Pascale Mora souligne finalement que cette crise interroge les rapports que nous entretenons avec les biens que nous consommons : « cette crise a pu exacerber certaines attentes, certains besoins que les consommateurs ressentent face [aux] produits [de L’Oréal] ». Ces réflexions orientent aujourd’hui les modes de production ainsi que les produits proposés par les entreprises, car la demande des consommateurs est la première des contraintes auxquelles elles sont soumises.
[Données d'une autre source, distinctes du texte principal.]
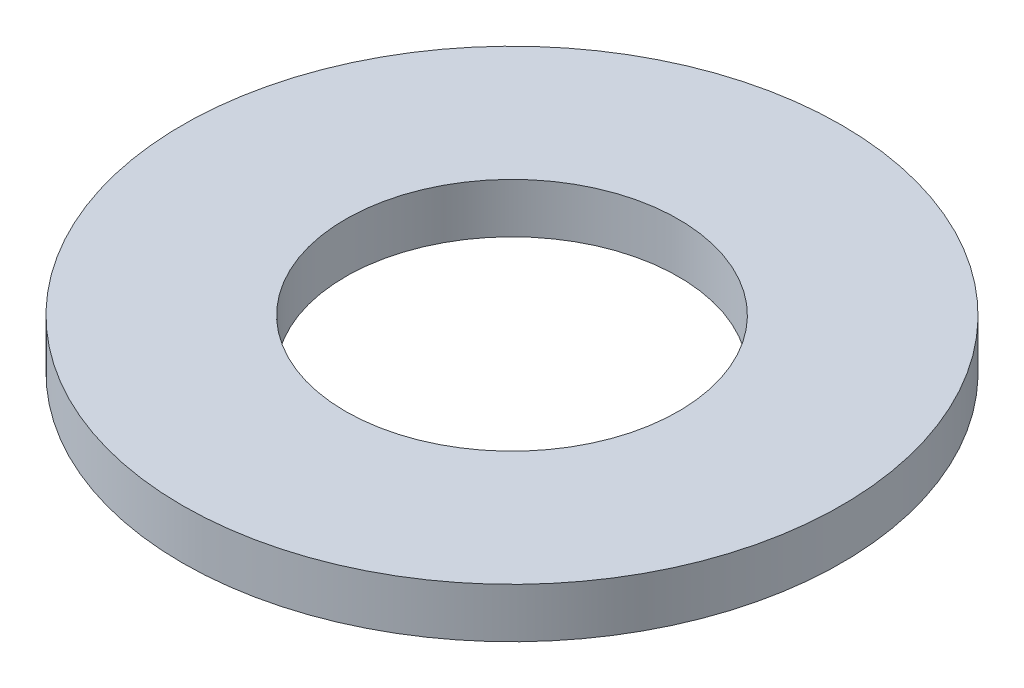
ISO-10303-21;
HEADER;
FILE_DESCRIPTION(('STEP AP214'),'2;1');
FILE_NAME('part.step','',(''),(''),'','','');
FILE_SCHEMA(('AUTOMOTIVE_DESIGN { 1 0 10303 214 1 1 1 1 }'));
ENDSEC;
DATA;
#1=APPLICATION_CONTEXT('core data for automotive mechanical design processes');
#2=APPLICATION_PROTOCOL_DEFINITION('international standard','automotive_design',2000,#1);
#3=PRODUCT_CONTEXT('',#1,'mechanical');
#4=PRODUCT('Part','Part','',(#3));
#5=PRODUCT_RELATED_PRODUCT_CATEGORY('part','',(#4));
#6=PRODUCT_DEFINITION_FORMATION('','',#4);
#7=PRODUCT_DEFINITION_CONTEXT('part definition',#1,'design');
#8=PRODUCT_DEFINITION('design','',#6,#7);
#9=PRODUCT_DEFINITION_SHAPE('','',#8);
#10=(LENGTH_UNIT() NAMED_UNIT(*) SI_UNIT(.MILLI.,.METRE.));
#11=(NAMED_UNIT(*) PLANE_ANGLE_UNIT() SI_UNIT($,.RADIAN.));
#12=(NAMED_UNIT(*) SI_UNIT($,.STERADIAN.) SOLID_ANGLE_UNIT());
#13=UNCERTAINTY_MEASURE_WITH_UNIT(LENGTH_MEASURE(1.E-05),#10,'distance_accuracy_value','');
#14=(GEOMETRIC_REPRESENTATION_CONTEXT(3) GLOBAL_UNCERTAINTY_ASSIGNED_CONTEXT((#13)) GLOBAL_UNIT_ASSIGNED_CONTEXT((#10,
#11,#12)) REPRESENTATION_CONTEXT('',''));
#15=CARTESIAN_POINT('',(0.,0.,0.));
#16=DIRECTION('',(0.,0.,1.));
#17=DIRECTION('',(1.,0.,0.));
#18=AXIS2_PLACEMENT_3D('',#15,#16,#17);
#19=CARTESIAN_POINT('',(0.,0.508,0.));
#20=DIRECTION('',(0.,-1.,0.));
#21=DIRECTION('',(0.,0.,-1.));
#22=AXIS2_PLACEMENT_3D('',#19,#20,#21);
#23=CYLINDRICAL_SURFACE('',#22,3.3655);
#24=CARTESIAN_POINT('',(0.,0.508,0.));
#25=DIRECTION('',(0.,1.,0.));
#26=DIRECTION('',(0.,0.,1.));
#27=AXIS2_PLACEMENT_3D('',#24,#25,#26);
#28=CIRCLE('',#27,3.3655);
#29=CARTESIAN_POINT('',(0.,0.508,3.3655));
#30=VERTEX_POINT('',#29);
#31=EDGE_CURVE('E10',#30,#30,#28,.T.);
#32=ORIENTED_EDGE('',*,*,#31,.F.);
#33=EDGE_LOOP('',(#32));
#34=FACE_BOUND('',#33,.T.);
#35=CARTESIAN_POINT('',(0.,0.,0.));
#36=DIRECTION('',(0.,1.,0.));
#37=DIRECTION('',(0.,0.,1.));
#38=AXIS2_PLACEMENT_3D('',#35,#36,#37);
#39=CIRCLE('',#38,3.3655);
#40=CARTESIAN_POINT('',(0.,0.,3.3655));
#41=VERTEX_POINT('',#40);
#42=EDGE_CURVE('E46',#41,#41,#39,.T.);
#43=ORIENTED_EDGE('',*,*,#42,.T.);
#44=EDGE_LOOP('',(#43));
#45=FACE_BOUND('',#44,.T.);
#46=ADVANCED_FACE('F43',(#34,#45),#23,.T.);
#47=CARTESIAN_POINT('',(0.,0.508,0.));
#48=DIRECTION('',(0.,1.,0.));
#49=DIRECTION('',(0.,0.,1.));
#50=AXIS2_PLACEMENT_3D('',#47,#48,#49);
#51=PLANE('',#50);
#52=CARTESIAN_POINT('',(0.,0.508,0.));
#53=DIRECTION('',(0.,1.,0.));
#54=DIRECTION('',(0.,0.,1.));
#55=AXIS2_PLACEMENT_3D('',#52,#53,#54);
#56=CIRCLE('',#55,1.7);
#57=CARTESIAN_POINT('',(0.,0.508,1.7));
#58=VERTEX_POINT('',#57);
#59=EDGE_CURVE('E60',#58,#58,#56,.T.);
#60=ORIENTED_EDGE('',*,*,#59,.F.);
#61=EDGE_LOOP('',(#60));
#62=FACE_BOUND('',#61,.T.);
#63=ORIENTED_EDGE('',*,*,#31,.T.);
#64=EDGE_LOOP('',(#63));
#65=FACE_BOUND('',#64,.T.);
#66=ADVANCED_FACE('F67',(#62,#65),#51,.T.);
#67=CARTESIAN_POINT('',(0.,0.,0.));
#68=DIRECTION('',(0.,1.,0.));
#69=DIRECTION('',(0.,0.,1.));
#70=AXIS2_PLACEMENT_3D('',#67,#68,#69);
#71=PLANE('',#70);
#72=CARTESIAN_POINT('',(0.,0.,0.));
#73=DIRECTION('',(0.,1.,0.));
#74=DIRECTION('',(0.,0.,1.));
#75=AXIS2_PLACEMENT_3D('',#72,#73,#74);
#76=CIRCLE('',#75,1.7);
#77=CARTESIAN_POINT('',(0.,0.,1.7));
#78=VERTEX_POINT('',#77);
#79=EDGE_CURVE('E55',#78,#78,#76,.T.);
#80=ORIENTED_EDGE('',*,*,#79,.T.);
#81=EDGE_LOOP('',(#80));
#82=FACE_BOUND('',#81,.T.);
#83=ORIENTED_EDGE('',*,*,#42,.F.);
#84=EDGE_LOOP('',(#83));
#85=FACE_BOUND('',#84,.T.);
#86=ADVANCED_FACE('F69',(#82,#85),#71,.F.);
#87=CARTESIAN_POINT('',(0.,0.508,0.));
#88=DIRECTION('',(0.,1.,0.));
#89=DIRECTION('',(0.,0.,1.));
#90=AXIS2_PLACEMENT_3D('',#87,#88,#89);
#91=CYLINDRICAL_SURFACE('',#90,1.7);
#92=ORIENTED_EDGE('',*,*,#79,.F.);
#93=EDGE_LOOP('',(#92));
#94=FACE_BOUND('',#93,.T.);
#95=ORIENTED_EDGE('',*,*,#59,.T.);
#96=EDGE_LOOP('',(#95));
#97=FACE_BOUND('',#96,.T.);
#98=ADVANCED_FACE('F65',(#94,#97),#91,.F.);
#99=CLOSED_SHELL('',(#46,#66,#86,#98));
#100=MANIFOLD_SOLID_BREP('B2',#99);
#101=ADVANCED_BREP_SHAPE_REPRESENTATION('',(#18,#100),#14);
#102=SHAPE_DEFINITION_REPRESENTATION(#9,#101);
ENDSEC;
END-ISO-10303-21;

L’information des consommateurs sur les composants contenus dans les biens de consommation est aussi devenue un axe majeur de communication et un critère de choix pour les clients.
La santé, bien public et universel
La santé est un bien public universel mais l’accès à celle-ci peut s’avérer compliqué. Pour des raisons géographiques d’abord : c’est le cas dans les « déserts médicaux » en France - le problème existe et persiste également ailleurs sur la planète. Pour des raisons d’accès aux traitements (médicaments, vaccins) et équipements (masque, respirateurs) ensuite, notamment pendant les périodes de crises inattendues comme celle du covid-19.
Pour Jennifer Temmerman, « il y a un travail européen a faire sur la filière médicamenteuse pour la relocalisation, sur la tension entre la rentabilité pour les entreprises pharmaceutiques et les contraintes de l’Assurance Maladie ». Cela souligne également les inégalités économiques dans l’accès aux soins.
Toutes ces questions attendent en réponse des choix politiques forts : de la revalorisation des salaires des professionnels de la santé, à des politiques industrielles de relocalisation, en passant par la sensibilisation des citoyens sur les risques sanitaires. Il apparaît aujourd’hui plus que jamais que la (re)construction d’un système de santé résilient mobilise l’ensemble des champs d’actions de nos politiques publiques, une première pierre nécessaire de la construction du « monde d’après ».